There is another account that goes like this: That when the Europeans first arrived on our shores, they encountered a man called Kambi Sanneh of Nuimi, who, when asked about the name of the territory, thought the westerners wanted to know the name of the nearby settlement and responded “Kambiya” which in Mandinka means Kambi’s homestead or residence. Now is the name Kambi, Mandinka or some other ethnic group? We have the Kambi family in Kiang but also in Kombo specifically in Busumbala (or Busi abala of Jata Sangsang). Two other competing theses are also being advance. One was that of Kambi Jassey of Kartong and the other Kambi Jatta of Busumbala. We may never agree on the real Kambi who gave us Kambiya but I am betting on Kambi Jatta for many reasons beyond the scope of this piece.

The land we know as Gambia today was called Gambra including the river. Richard Jobson who sailed to our region between 1620 and 1621 published his memoir of his journey and titled it “The Discovery of River Gambra”. This memoir is one of the earliest sources on the area.

August 10, 1889: The birth of geopolitical Gambia

In order to avoid conflicts between the French and the English, series of meetings held in Paris in April of 1889 and on August 10, 1889 an agreement was reached to draw up the boundary. An earlier such meeting was held in 1882 but failed to materialize because the French Chamber of Deputies refused to ratify the convention but in 1889, the Chamber approved the convention and hence the demarcation of the boundary.

The final agreement was that the British “should have occupation rights to the banks of the Gambia six miles north and south of the river as far inland as Yarbutenda; there, the eastern boundary of the Gambia was to be the arc of a six-mile radius drawn from the center of the town.”

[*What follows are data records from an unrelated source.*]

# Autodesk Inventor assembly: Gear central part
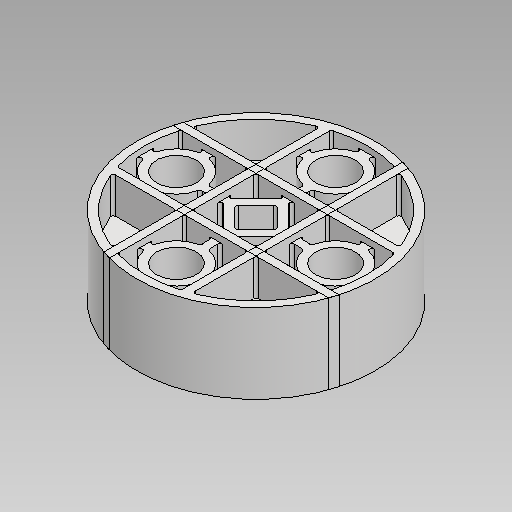
[picture p0: Inventor's stored thumbnail of the model, 512x512]
Saved by Autodesk Inventor 2020 (Build 240168000, 168)
## iProperties
Created: 2019-05-06
Part Number: Gear central part
Document SubType Name: Assembly
Designer: Varga Daniel
Author: Varga Daniel
## Documents named in this file (3)
- C:\!_Dani\!_cloud\OneDrive\!_munka\Revolution\StructuralParts\Gears\Gear central part.iam
- C:\!_Dani\!_cloud\OneDrive\!_munka\Revolution\StructuralParts\Gears\Gear side part.ipt
- C:\!_Dani\!_cloud\OneDrive\!_munka\Revolution\StructuralParts\Beams\Axle Beams\Axle beam base.ipt
## Components (5 placed, 2 different names)
1. Gear side part:1 — Flush:4, Flush:8, Flush:11
2. Gear side part:2 — Flush:2, Flush:6, Flush:9
3. Gear side part:3 — Flush:1, Flush:5, Flush:12
4. Gear side part:4 — Flush:3, Flush:7, Flush:10
5. Axle beam base:1 — Flush:1, Flush:2, Flush:3, Flush:4, Flush:5, Flush:6, Flush:7, Flush:8, Flush:9, Flush:10, Flush:11, Flush:12, Mate:1, Mate:2, Flush:13
## Relationships (15: Flush 13, Mate 2)
- Flush:1: Gear side part:3 ↔ Axle beam base:1
- Flush:2: Gear side part:2 ↔ Axle beam base:1
- Flush:3: Gear side part:4 ↔ Axle beam base:1
- Flush:4: Gear side part:1 ↔ Axle beam base:1
- Flush:5: Gear side part:3 ↔ Axle beam base:1
- Flush:6: Gear side part:2 ↔ Axle beam base:1
- Flush:7: Gear side part:4 ↔ Axle beam base:1
- Flush:8: Gear side part:1 ↔ Axle beam base:1
- Flush:9: Gear side part:2 ↔ Axle beam base:1
- Flush:10: Gear side part:4 ↔ Axle beam base:1
- Flush:11: Gear side part:1 ↔ Axle beam base:1
- Flush:12: Gear side part:3 ↔ Axle beam base:1
- Mate:1: Axle beam base:1
- Mate:2: Axle beam base:1
- Flush:13: Axle beam base:1
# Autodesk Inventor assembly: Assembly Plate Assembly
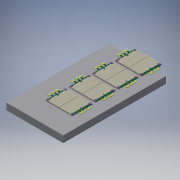
[picture p0: Inventor's stored thumbnail of the model, 180x180]
Saved by Autodesk Inventor 2019.4 (Build 234330000, 330)
## iProperties
Created: 2021-01-11
Part Number: Assembly Plate Assembly
Document SubType Name: Assembly
Designer: caleb
Author: caleb
## Documents named in this file (3)
- C:\Users\cfang\Desktop\nebraska-silicon-lab\CAD\ETL\Module Assembly\Assembly Plate\Assembly Plate Assembly.iam
- C:\Users\cfang\Desktop\nebraska-silicon-lab\CAD\ETL\Module Assembly\Assembly Plate\Assembly Plate.ipt
- C:\Users\cfang\Desktop\nebraska-silicon-lab\CAD\ETL\modules\tdr\F10110887--_1-MODULE_ CMS2 ETL_ FULL DBL-SENSOR MOUNTED ASSY.ipt
## Components (5 placed, 2 different names)
1. Assembly Plate:1 — Mate:1, Flush:1, Mate:2, Mate:3, Mate:4
2. F10110887--_1-MODULE_ CMS2 ETL_ FULL DBL-SENSOR MOUNTED ASSY:1 — Mate:1, Flush:1
3. F10110887--_1-MODULE_ CMS2 ETL_ FULL DBL-SENSOR MOUNTED ASSY:2 — Mate:2
4. F10110887--_1-MODULE_ CMS2 ETL_ FULL DBL-SENSOR MOUNTED ASSY:3 — Mate:4
5. F10110887--_1-MODULE_ CMS2 ETL_ FULL DBL-SENSOR MOUNTED ASSY:4 — Mate:3
## Relationships (5: Mate 4, Flush 1)
- Mate:1: Assembly Plate:1 ↔ F10110887--_1-MODULE_ CMS2 ETL_ FULL DBL-SENSOR MOUNTED ASSY:1
- Flush:1 (25.4 mm): Assembly Plate:1 ↔ F10110887--_1-MODULE_ CMS2 ETL_ FULL DBL-SENSOR MOUNTED ASSY:1
- Mate:2: Assembly Plate:1 ↔ F10110887--_1-MODULE_ CMS2 ETL_ FULL DBL-SENSOR MOUNTED ASSY:2
- Mate:3: Assembly Plate:1 ↔ F10110887--_1-MODULE_ CMS2 ETL_ FULL DBL-SENSOR MOUNTED ASSY:4
- Mate:4: Assembly Plate:1 ↔ F10110887--_1-MODULE_ CMS2 ETL_ FULL DBL-SENSOR MOUNTED ASSY:3
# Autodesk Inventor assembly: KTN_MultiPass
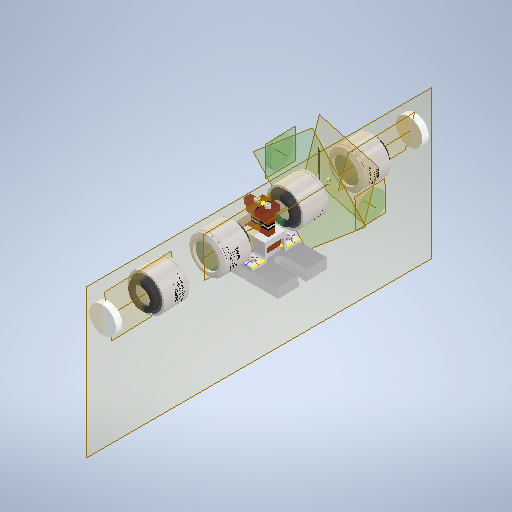
[picture p0: Inventor's stored thumbnail of the model, 512x512]
Saved by Autodesk Inventor 2025 (Build 290162010, 162A)
## iProperties
Created: 2024-04-24
Part Number: KTN_MultiPass
Document SubType Name: Assembly
Designer: kerlin
Author: kerlin
## Documents named in this file (8)
- C:\Users\User\Desktop\Hari_Laptop_Contents\KerlinLab\KTN\Multipass\MechanicalDrawing\KTN_MultiPass.iam
- C:\Users\User\Desktop\Hari_Laptop_Contents\KerlinLab\KTN\Multipass\MechanicalDrawing\LSM03-BB-Solidworks.ipt
- C:\Users\User\Desktop\Hari_Laptop_Contents\KerlinLab\KTN\Multipass\MechanicalDrawing\BB1-E02-Solidworks.ipt
- C:\Users\User\Desktop\Hari_Laptop_Contents\KerlinLab\KTN\Multipass\MechanicalDrawing\MRA03-P01-Solidworks.ipt
- C:\Users\User\Desktop\Hari_Laptop_Contents\KerlinLab\KTN\Multipass\MechanicalDrawing\pckngo_D1\EOD_D1_v2.0.iam
- C:\Users\User\Desktop\Hari_Laptop_Contents\KerlinLab\KTN\Multipass\MechanicalDrawing\ExitMirror.ipt
- C:\Users\User\Desktop\Hari_Laptop_Contents\KerlinLab\KTN\Multipass\MechanicalDrawing\CylConcaveLens.ipt
- C:\Users\User\Desktop\Hari_Laptop_Contents\KerlinLab\KTN\Multipass\MechanicalDrawing\Lens.ipt
## Components (12 placed, 7 different names)
1. LSM03-BB-Solidworks:1 — Mate:3, Mate:4, Mate:5, Mate:6, Angle:2, Mate:13, Flush:6, Mate:14
2. LSM03-BB-Solidworks:2 — Mate:3, Mate:6, Mate:9, Mate:10
3. LSM03-BB-Solidworks:3 — Mate:1, Mate:7, Mate:8, Mate:11, Flush:4
4. LSM03-BB-Solidworks:4 — Mate:1, Mate:4, Mate:5, Mate:7, Flush:5
5. BB1-E02-Solidworks:1 — Mate:8, Mate:11, Mate:12
6. BB1-E02-Solidworks:2 — Mate:9, Mate:10
7. MRA03-P01-Solidworks:1 — Mate:12, Angle:1, Mate:14, Mate:15, Mate:16
8. EOD_D1_v2.0:1 [sub-assembly] — Flush:2
9. ExitMirror:1 — Angle:1
10. CylConcaveLens:1
11. Lens:1 — Mate:15
12. Lens:2 — Mate:16
## Relationships (21: Mate 15, Flush 4, Angle 2)
- Mate:1: LSM03-BB-Solidworks:3 ↔ LSM03-BB-Solidworks:4
- Mate:3: LSM03-BB-Solidworks:1 ↔ LSM03-BB-Solidworks:2
- Mate:4: LSM03-BB-Solidworks:1 ↔ LSM03-BB-Solidworks:4
- Mate:5 (40 mm): LSM03-BB-Solidworks:1 ↔ LSM03-BB-Solidworks:4
- Mate:6 (30 mm): LSM03-BB-Solidworks:1 ↔ LSM03-BB-Solidworks:2
- Mate:7 (30 mm): LSM03-BB-Solidworks:3 ↔ LSM03-BB-Solidworks:4
- Mate:8: LSM03-BB-Solidworks:3 ↔ BB1-E02-Solidworks:1
- Mate:9: LSM03-BB-Solidworks:2 ↔ BB1-E02-Solidworks:2
- Mate:10 (30 mm): LSM03-BB-Solidworks:2 ↔ BB1-E02-Solidworks:2
- Mate:11 (30 mm): LSM03-BB-Solidworks:3 ↔ BB1-E02-Solidworks:1
- Mate:12 (-82 mm): BB1-E02-Solidworks:1 ↔ MRA03-P01-Solidworks:1
- Angle:1 (0 deg): MRA03-P01-Solidworks:1 ↔ ExitMirror:1
- Angle:2 (0 deg): LSM03-BB-Solidworks:1
- Flush:2 (28 mm): EOD_D1_v2.0:1
- Mate:13: LSM03-BB-Solidworks:1
- Flush:4: LSM03-BB-Solidworks:3
- Flush:5: LSM03-BB-Solidworks:4
- Flush:6: LSM03-BB-Solidworks:1
- Mate:14: LSM03-BB-Solidworks:1 ↔ MRA03-P01-Solidworks:1
- Mate:15: MRA03-P01-Solidworks:1 ↔ Lens:1
- Mate:16: MRA03-P01-Solidworks:1 ↔ Lens:2

Another convention held in 1901, further affected the 1889 boundary and Gambia lost territory and we renegotiated the boundary in the 1970s. The current shape of the Gambia was drawn by Mr. Bayol, French Governor of Senegal. He drew the lines in pencil on a map in 1889 and it stuck. The Administrator of Gambia in 1889, Sir Gilbert Thomas Carter was ignored by the 1889 convention delegation to Paris insisting that more land should be requested by the British and unfortunately, Casamance which was historically part of the riverine “Gambian” territory was deliberately carved out by Mr. Bayol and that is how Casamance became French territory.

Happy birthday Gambia because it was on this day 132 years ago, that the concept of a geopolitical entity called Gambia was hatched ignoring the inhabitants of the big fourteen states. A policy of gradual encroachment was recommended with the traditional kings and the rest is history when in 1901, Fulladu, the last state fell and the British raised their flags from Koina to Kartong.